■ **What you should do**
Could you reproduce, from the records below, everything from the line with "142.24 156.21 0))" down to the line with "3) (at 142.24 164.465 0)", keeping both of those lines and changing nothing?

■ **Exercise materials**
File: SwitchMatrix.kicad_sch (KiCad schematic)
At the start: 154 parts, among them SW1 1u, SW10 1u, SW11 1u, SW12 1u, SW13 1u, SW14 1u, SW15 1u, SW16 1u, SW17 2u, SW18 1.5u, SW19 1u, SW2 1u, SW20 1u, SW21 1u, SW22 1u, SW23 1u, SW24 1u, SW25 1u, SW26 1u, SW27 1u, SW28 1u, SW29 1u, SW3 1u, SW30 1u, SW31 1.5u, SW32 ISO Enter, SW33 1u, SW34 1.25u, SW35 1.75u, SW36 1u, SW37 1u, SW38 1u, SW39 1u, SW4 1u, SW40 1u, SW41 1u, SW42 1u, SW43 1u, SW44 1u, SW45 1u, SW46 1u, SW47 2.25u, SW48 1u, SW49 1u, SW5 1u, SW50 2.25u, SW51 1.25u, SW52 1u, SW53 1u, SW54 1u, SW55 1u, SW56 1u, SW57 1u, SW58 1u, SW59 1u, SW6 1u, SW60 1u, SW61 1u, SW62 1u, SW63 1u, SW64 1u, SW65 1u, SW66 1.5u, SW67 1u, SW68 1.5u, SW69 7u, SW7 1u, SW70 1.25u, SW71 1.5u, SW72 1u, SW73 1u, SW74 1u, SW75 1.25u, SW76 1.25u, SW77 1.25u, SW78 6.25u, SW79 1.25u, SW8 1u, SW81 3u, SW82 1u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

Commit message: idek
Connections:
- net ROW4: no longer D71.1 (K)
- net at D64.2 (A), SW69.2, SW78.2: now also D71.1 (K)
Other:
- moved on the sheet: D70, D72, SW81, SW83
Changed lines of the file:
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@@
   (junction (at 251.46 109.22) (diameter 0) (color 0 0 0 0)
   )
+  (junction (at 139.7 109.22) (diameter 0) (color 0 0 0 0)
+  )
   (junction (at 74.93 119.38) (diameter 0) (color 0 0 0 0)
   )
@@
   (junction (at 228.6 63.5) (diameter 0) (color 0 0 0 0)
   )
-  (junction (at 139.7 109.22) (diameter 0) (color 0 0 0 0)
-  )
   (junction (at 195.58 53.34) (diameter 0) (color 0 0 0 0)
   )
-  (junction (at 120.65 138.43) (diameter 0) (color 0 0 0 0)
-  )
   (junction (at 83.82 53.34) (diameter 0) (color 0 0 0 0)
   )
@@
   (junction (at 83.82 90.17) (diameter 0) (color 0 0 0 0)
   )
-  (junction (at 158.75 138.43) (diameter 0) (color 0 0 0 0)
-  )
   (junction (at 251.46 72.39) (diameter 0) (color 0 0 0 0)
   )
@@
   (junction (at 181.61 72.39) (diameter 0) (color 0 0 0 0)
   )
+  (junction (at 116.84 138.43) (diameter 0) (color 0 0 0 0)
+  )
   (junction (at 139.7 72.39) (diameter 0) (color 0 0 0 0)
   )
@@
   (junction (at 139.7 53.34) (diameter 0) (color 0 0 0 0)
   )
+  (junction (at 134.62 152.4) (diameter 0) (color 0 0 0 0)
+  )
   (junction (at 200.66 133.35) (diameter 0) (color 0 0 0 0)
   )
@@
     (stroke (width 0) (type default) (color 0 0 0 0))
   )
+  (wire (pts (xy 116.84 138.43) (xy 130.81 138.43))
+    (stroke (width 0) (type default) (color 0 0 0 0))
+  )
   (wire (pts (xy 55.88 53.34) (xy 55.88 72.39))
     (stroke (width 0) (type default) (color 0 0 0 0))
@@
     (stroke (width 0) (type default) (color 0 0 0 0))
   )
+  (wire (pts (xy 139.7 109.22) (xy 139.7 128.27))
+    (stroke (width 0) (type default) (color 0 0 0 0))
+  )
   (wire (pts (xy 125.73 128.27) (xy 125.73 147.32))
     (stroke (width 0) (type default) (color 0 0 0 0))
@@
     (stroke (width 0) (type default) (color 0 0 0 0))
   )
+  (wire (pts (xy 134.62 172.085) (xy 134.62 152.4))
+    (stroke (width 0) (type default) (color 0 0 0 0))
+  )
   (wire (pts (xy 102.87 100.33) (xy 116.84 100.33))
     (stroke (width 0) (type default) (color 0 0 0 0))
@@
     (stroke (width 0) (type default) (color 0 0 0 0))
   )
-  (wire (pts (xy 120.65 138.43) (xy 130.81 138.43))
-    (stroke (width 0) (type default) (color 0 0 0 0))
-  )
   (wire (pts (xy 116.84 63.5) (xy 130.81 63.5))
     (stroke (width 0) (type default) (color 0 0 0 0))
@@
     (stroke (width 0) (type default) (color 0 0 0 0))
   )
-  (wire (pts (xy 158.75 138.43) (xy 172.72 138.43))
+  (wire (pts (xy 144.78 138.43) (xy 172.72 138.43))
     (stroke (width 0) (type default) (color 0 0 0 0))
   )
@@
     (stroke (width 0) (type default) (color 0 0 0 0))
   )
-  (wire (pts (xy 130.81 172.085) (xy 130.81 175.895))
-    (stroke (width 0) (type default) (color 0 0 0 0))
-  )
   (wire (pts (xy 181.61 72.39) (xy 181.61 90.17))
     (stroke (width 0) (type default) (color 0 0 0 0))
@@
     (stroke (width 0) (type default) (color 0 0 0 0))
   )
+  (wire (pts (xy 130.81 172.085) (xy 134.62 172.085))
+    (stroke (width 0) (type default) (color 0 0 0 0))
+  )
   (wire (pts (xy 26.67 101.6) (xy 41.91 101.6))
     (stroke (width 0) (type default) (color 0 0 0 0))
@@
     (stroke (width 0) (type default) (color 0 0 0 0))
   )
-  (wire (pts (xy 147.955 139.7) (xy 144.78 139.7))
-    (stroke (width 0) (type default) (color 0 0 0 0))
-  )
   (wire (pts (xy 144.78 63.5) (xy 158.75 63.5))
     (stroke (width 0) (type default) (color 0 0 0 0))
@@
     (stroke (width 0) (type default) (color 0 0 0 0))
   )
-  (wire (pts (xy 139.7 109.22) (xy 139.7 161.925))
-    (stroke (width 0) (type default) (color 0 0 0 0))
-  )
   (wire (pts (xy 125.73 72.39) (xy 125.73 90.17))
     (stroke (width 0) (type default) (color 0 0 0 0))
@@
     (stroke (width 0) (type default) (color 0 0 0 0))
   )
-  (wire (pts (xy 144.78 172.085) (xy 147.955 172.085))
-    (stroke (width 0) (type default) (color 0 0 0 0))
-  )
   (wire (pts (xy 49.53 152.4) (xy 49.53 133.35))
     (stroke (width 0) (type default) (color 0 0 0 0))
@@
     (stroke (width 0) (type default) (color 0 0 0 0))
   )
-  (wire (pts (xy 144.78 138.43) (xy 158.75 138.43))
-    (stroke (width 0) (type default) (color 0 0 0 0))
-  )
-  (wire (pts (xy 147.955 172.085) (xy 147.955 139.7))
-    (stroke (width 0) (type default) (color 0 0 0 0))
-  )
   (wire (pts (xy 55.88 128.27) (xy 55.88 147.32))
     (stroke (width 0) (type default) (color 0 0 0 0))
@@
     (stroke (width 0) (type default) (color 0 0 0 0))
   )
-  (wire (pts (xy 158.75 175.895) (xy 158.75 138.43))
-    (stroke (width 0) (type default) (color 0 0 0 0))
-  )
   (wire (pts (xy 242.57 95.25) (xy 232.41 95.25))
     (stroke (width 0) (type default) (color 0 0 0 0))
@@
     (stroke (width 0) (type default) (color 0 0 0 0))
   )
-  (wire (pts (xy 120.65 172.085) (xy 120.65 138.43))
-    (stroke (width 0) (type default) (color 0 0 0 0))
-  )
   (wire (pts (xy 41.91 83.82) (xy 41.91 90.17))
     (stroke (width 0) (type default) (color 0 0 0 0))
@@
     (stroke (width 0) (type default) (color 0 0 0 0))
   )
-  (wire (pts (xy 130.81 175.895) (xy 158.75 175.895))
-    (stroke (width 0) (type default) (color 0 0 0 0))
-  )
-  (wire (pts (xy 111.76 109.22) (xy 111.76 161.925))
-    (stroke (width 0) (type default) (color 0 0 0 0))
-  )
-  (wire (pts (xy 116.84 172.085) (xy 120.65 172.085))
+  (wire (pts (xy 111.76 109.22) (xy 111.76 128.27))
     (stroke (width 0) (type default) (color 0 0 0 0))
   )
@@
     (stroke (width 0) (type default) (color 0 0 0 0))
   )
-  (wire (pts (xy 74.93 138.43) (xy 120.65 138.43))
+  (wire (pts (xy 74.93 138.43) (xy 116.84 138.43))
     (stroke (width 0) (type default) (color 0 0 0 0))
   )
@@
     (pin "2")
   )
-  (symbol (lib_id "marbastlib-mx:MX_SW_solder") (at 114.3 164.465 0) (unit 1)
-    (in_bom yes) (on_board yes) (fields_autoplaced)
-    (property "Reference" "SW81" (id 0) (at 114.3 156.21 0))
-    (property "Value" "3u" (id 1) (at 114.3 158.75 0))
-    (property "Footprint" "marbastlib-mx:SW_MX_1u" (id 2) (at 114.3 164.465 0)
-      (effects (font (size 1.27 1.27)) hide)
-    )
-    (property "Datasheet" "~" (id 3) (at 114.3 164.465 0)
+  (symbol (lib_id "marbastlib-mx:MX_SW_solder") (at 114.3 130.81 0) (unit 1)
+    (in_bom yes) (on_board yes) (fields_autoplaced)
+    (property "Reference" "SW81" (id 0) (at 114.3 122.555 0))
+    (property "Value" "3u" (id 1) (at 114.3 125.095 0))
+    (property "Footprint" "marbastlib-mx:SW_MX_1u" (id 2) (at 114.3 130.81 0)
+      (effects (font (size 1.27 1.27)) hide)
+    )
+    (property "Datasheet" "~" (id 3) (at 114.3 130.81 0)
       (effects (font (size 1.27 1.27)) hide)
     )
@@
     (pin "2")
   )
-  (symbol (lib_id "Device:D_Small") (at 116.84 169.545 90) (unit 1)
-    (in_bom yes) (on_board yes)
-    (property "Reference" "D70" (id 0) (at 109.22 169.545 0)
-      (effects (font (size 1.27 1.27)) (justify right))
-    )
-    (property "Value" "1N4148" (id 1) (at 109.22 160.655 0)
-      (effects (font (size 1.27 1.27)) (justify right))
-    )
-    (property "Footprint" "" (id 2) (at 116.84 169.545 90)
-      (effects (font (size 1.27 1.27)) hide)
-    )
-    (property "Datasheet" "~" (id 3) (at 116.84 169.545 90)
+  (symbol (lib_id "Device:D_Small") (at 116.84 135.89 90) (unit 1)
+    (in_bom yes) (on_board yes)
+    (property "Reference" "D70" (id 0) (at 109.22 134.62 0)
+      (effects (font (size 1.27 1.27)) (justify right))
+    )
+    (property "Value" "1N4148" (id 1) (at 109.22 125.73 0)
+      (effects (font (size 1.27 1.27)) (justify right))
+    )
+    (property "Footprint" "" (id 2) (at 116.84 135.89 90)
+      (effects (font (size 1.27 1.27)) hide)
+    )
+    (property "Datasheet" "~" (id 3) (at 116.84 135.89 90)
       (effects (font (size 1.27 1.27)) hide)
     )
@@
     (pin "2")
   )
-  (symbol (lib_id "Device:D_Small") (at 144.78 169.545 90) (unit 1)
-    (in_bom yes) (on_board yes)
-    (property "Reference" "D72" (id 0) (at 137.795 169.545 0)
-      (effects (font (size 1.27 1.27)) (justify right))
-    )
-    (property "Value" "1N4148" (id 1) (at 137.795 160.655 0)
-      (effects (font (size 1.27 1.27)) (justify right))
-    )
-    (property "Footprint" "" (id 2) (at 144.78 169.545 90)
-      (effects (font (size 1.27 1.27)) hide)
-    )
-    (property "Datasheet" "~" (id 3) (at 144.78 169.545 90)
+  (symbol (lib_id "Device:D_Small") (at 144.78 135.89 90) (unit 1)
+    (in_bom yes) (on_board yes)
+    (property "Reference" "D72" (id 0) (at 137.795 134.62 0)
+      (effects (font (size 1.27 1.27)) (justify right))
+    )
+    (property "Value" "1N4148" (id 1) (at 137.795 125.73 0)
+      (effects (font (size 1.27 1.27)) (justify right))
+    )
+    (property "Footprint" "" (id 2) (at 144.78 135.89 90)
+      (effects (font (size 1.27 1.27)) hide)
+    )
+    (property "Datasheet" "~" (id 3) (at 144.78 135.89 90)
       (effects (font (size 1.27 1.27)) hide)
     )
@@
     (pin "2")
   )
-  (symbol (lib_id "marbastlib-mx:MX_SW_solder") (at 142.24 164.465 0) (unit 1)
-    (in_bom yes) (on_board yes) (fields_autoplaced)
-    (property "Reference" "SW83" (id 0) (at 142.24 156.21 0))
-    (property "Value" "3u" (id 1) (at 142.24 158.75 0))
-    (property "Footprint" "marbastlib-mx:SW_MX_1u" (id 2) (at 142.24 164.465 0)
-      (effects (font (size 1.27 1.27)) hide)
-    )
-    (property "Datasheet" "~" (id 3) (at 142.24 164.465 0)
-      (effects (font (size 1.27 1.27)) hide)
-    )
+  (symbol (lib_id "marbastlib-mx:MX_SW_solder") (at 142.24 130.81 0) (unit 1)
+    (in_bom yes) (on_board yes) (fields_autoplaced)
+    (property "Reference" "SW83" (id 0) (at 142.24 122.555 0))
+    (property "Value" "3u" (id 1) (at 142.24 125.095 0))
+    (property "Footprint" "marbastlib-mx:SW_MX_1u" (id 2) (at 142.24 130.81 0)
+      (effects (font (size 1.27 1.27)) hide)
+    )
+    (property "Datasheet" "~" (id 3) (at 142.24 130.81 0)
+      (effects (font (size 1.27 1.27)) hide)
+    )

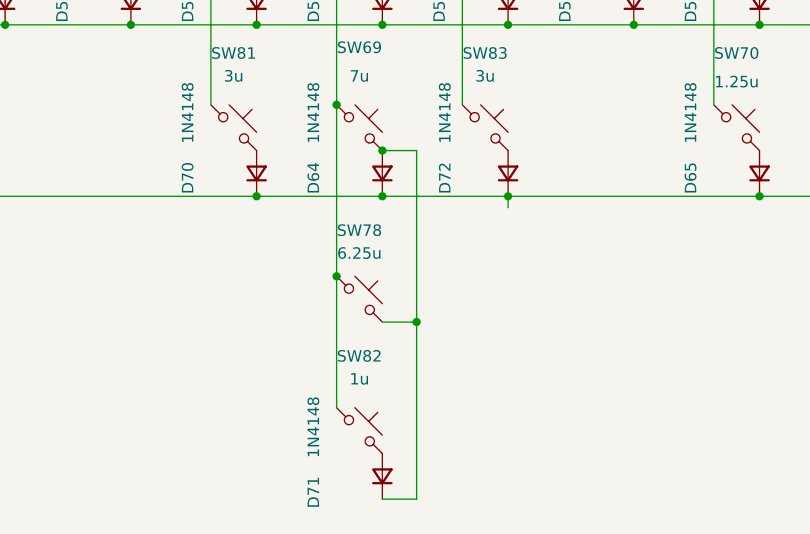
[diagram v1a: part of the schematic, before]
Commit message: Assign footprints
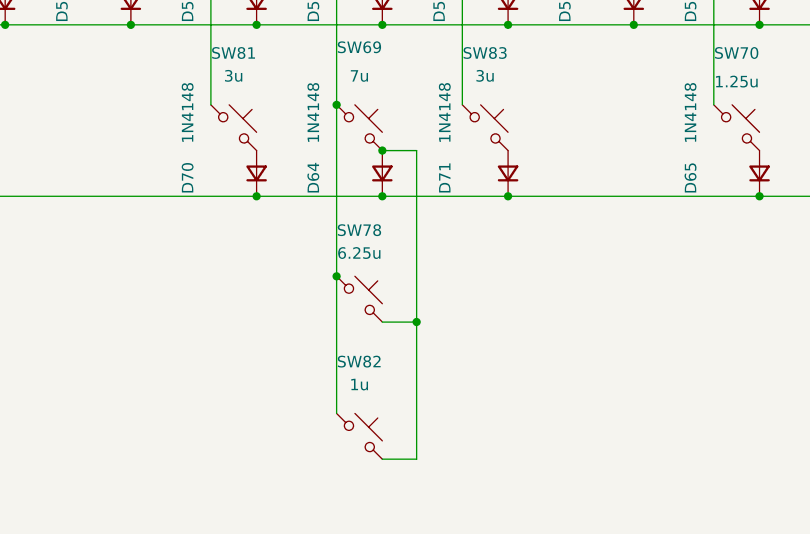
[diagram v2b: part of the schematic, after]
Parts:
- removed D71: 1N4148, symbol Device:D_Small
- D1, D10, D11, D12, D13, D14, D15, D16, D17, D18, D19, D2, D20, D21, D22, D23, D24, D25, D26, D27, D28, D29, D3, D30, D31, D32, D33, D34, D35, D36, D37, D38, D39, D4, D40, D41, D42, D43, D44, D45, D46, D47, D48, D49, D5, D50, D51, D52, D53, D54, D55, D56, D57, D58, D59, D6, D60, D61, D62, D63, D64, D65, D66, D67, D68, D69, D7, D70, D8, D9: footprint (none) -> Diode_SMD:D_SOD-123
- D71: renamed from D72; footprint (none) -> Diode_SMD:D_SOD-123
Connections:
- net at D64.2 (A), SW69.2, SW78.2: now also SW82.2
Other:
- moved on the sheet: SW82

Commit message: Add stabs
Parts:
- added S1, S2, S3, S4, S5, S6, S7: MX_stab, marbastlib-mx:STAB_MX_P_6.25u, symbol marbastlib-mx:MX_stab
- SW63: value 1u -> 1.75u
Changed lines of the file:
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@@
     (pin "2")
+  )
+  (symbol (lib_id "marbastlib-mx:MX_stab") (at 147.32 157.48 0) (unit 1)
+    (in_bom yes) (on_board yes) (fields_autoplaced)
+    (property "Reference" "S7" (id 0) (at 153.67 156.0829 0)
+      (effects (font (size 1.27 1.27)) (justify left))
+    )
+    (property "Value" "MX_stab" (id 1) (at 153.67 158.6229 0)
+      (effects (font (size 1.27 1.27)) (justify left))
+    )
+    (property "Footprint" "marbastlib-mx:STAB_MX_P_6.25u" (id 2) (at 147.32 157.48 0)
+      (effects (font (size 1.27 1.27)) hide)
+    )
+    (property "Datasheet" "" (id 3) (at 147.32 157.48 0)
+      (effects (font (size 1.27 1.27)) hide)
+    )
   )
   (symbol (lib_id "marbastlib-mx:MX_SW_solder") (at 226.06 74.93 0) (unit 1)
@@
     (pin "2")
   )
+  (symbol (lib_id "marbastlib-mx:MX_stab") (at 22.86 110.49 270) (unit 1)
+    (in_bom yes) (on_board yes)
+    (property "Reference" "S2" (id 0) (at 15.24 107.95 90)
+      (effects (font (size 1.27 1.27)) (justify left))
+    )
+    (property "Value" "MX_stab" (id 1) (at 12.7 110.49 90)
+      (effects (font (size 1.27 1.27)) (justify left))
+    )
+    (property "Footprint" "marbastlib-mx:STAB_MX_P_6.25u" (id 2) (at 22.86 110.49 0)
+      (effects (font (size 1.27 1.27)) hide)
+    )
+    (property "Datasheet" "" (id 3) (at 22.86 110.49 0)
+      (effects (font (size 1.27 1.27)) hide)
+    )
+  )
   (symbol (lib_id "Device:D_Small") (at 172.72 60.96 90) (unit 1)
     (in_bom yes) (on_board yes)
@@
     (pin "2")
   )
+  (symbol (lib_id "marbastlib-mx:MX_stab") (at 147.32 146.05 0) (unit 1)
+    (in_bom yes) (on_board yes) (fields_autoplaced)
+    (property "Reference" "S5" (id 0) (at 153.67 144.6529 0)
+      (effects (font (size 1.27 1.27)) (justify left))
+    )
+    (property "Value" "MX_stab" (id 1) (at 153.67 147.1929 0)
+      (effects (font (size 1.27 1.27)) (justify left))
+    )
+    (property "Footprint" "marbastlib-mx:STAB_MX_P_6.25u" (id 2) (at 147.32 146.05 0)
+      (effects (font (size 1.27 1.27)) hide)
+    )
+    (property "Datasheet" "" (id 3) (at 147.32 146.05 0)
+      (effects (font (size 1.27 1.27)) hide)
+    )
+  )
   (symbol (lib_id "Device:D_Small") (at 130.81 60.96 90) (unit 1)
     (in_bom yes) (on_board yes)
@@
     (pin "2")
   )
+  (symbol (lib_id "marbastlib-mx:MX_stab") (at 106.68 146.05 0) (unit 1)
+    (in_bom yes) (on_board yes) (fields_autoplaced)
+    (property "Reference" "S4" (id 0) (at 113.03 144.6529 0)
+      (effects (font (size 1.27 1.27)) (justify left))
+    )
+    (property "Value" "MX_stab" (id 1) (at 113.03 147.1929 0)
+      (effects (font (size 1.27 1.27)) (justify left))
+    )
+    (property "Footprint" "marbastlib-mx:STAB_MX_P_6.25u" (id 2) (at 106.68 146.05 0)
+      (effects (font (size 1.27 1.27)) hide)
+    )
+    (property "Datasheet" "" (id 3) (at 106.68 146.05 0)
+      (effects (font (size 1.27 1.27)) hide)
+    )
+  )
   (symbol (lib_id "marbastlib-mx:MX_SW_solder") (at 198.12 130.81 0) (unit 1)
     (in_bom yes) (on_board yes)
@@
     (pin "2")
   )
+  (symbol (lib_id "marbastlib-mx:MX_stab") (at 274.32 57.15 90) (unit 1)
+    (in_bom yes) (on_board yes)
+    (property "Reference" "S1" (id 0) (at 276.86 55.88 90)
+      (effects (font (size 1.27 1.27)) (justify right))
+    )
+    (property "Value" "MX_stab" (id 1) (at 276.86 58.42 90)
+      (effects (font (size 1.27 1.27)) (justify right))
+    )
+    (property "Footprint" "marbastlib-mx:STAB_MX_P_6.25u" (id 2) (at 274.32 57.15 0)
+      (effects (font (size 1.27 1.27)) hide)
+    )
+    (property "Datasheet" "" (id 3) (at 274.32 57.15 0)
+      (effects (font (size 1.27 1.27)) hide)
+    )
+  )
   (symbol (lib_id "Device:D_Small") (at 116.84 97.79 90) (unit 1)
     (in_bom yes) (on_board yes)
@@
     (pin "1")
     (pin "2")
+  )
+  (symbol (lib_id "marbastlib-mx:MX_stab") (at 265.43 74.93 90) (unit 1)
+    (in_bom yes) (on_board yes) (fields_autoplaced)
+    (property "Reference" "S3" (id 0) (at 269.24 73.6599 90)
+      (effects (font (size 1.27 1.27)) (justify right))
+    )
+    (property "Value" "MX_stab" (id 1) (at 269.24 76.1999 90)
+      (effects (font (size 1.27 1.27)) (justify right))
+    )
+    (property "Footprint" "marbastlib-mx:STAB_MX_P_6.25u" (id 2) (at 265.43 74.93 0)
+      (effects (font (size 1.27 1.27)) hide)
+    )
+    (property "Datasheet" "" (id 3) (at 265.43 74.93 0)
+      (effects (font (size 1.27 1.27)) hide)
+    )
   )
   (symbol (lib_id "marbastlib-mx:MX_SW_solder") (at 142.24 111.76 0) (unit 1)
@@
     (in_bom yes) (on_board yes) (fields_autoplaced)
     (property "Reference" "SW63" (id 0) (at 212.09 104.14 0))
-    (property "Value" "1u" (id 1) (at 212.09 106.68 0))
+    (property "Value" "1.75u" (id 1) (at 212.09 106.68 0))
     (property "Footprint" "marbastlib-mx:SW_MX_1u" (id 2) (at 212.09 111.76 0)
       (effects (font (size 1.27 1.27)) hide)
@@
     (pin "2")
   )
+  (symbol (lib_id "marbastlib-mx:MX_stab") (at 106.68 157.48 0) (unit 1)
+    (in_bom yes) (on_board yes) (fields_autoplaced)
+    (property "Reference" "S6" (id 0) (at 113.03 156.0829 0)
+      (effects (font (size 1.27 1.27)) (justify left))
+    )
+    (property "Value" "MX_stab" (id 1) (at 113.03 158.6229 0)
+      (effects (font (size 1.27 1.27)) (justify left))
+    )
+    (property "Footprint" "marbastlib-mx:STAB_MX_P_6.25u" (id 2) (at 106.68 157.48 0)
+      (effects (font (size 1.27 1.27)) hide)
+    )
+    (property "Datasheet" "" (id 3) (at 106.68 157.48 0)
+      (effects (font (size 1.27 1.27)) hide)
+    )
+  )
   (symbol (lib_id "marbastlib-mx:MX_SW_solder") (at 58.42 149.86 0) (unit 1)

■ **Response area**
-    (property "Reference" "SW83" (id 0) (at 142.24 156.21 0))
-    (property "Value" "3u" (id 1) (at 142.24 158.75 0))
-    (property "Footprint" "marbastlib-mx:SW_MX_1u" (id 2) (at 142.24 164.465 0)
-      (effects (font (size 1.27 1.27)) hide)
-    )
-    (property "Datasheet" "~" (id 3) (at 142.24 164.465 0)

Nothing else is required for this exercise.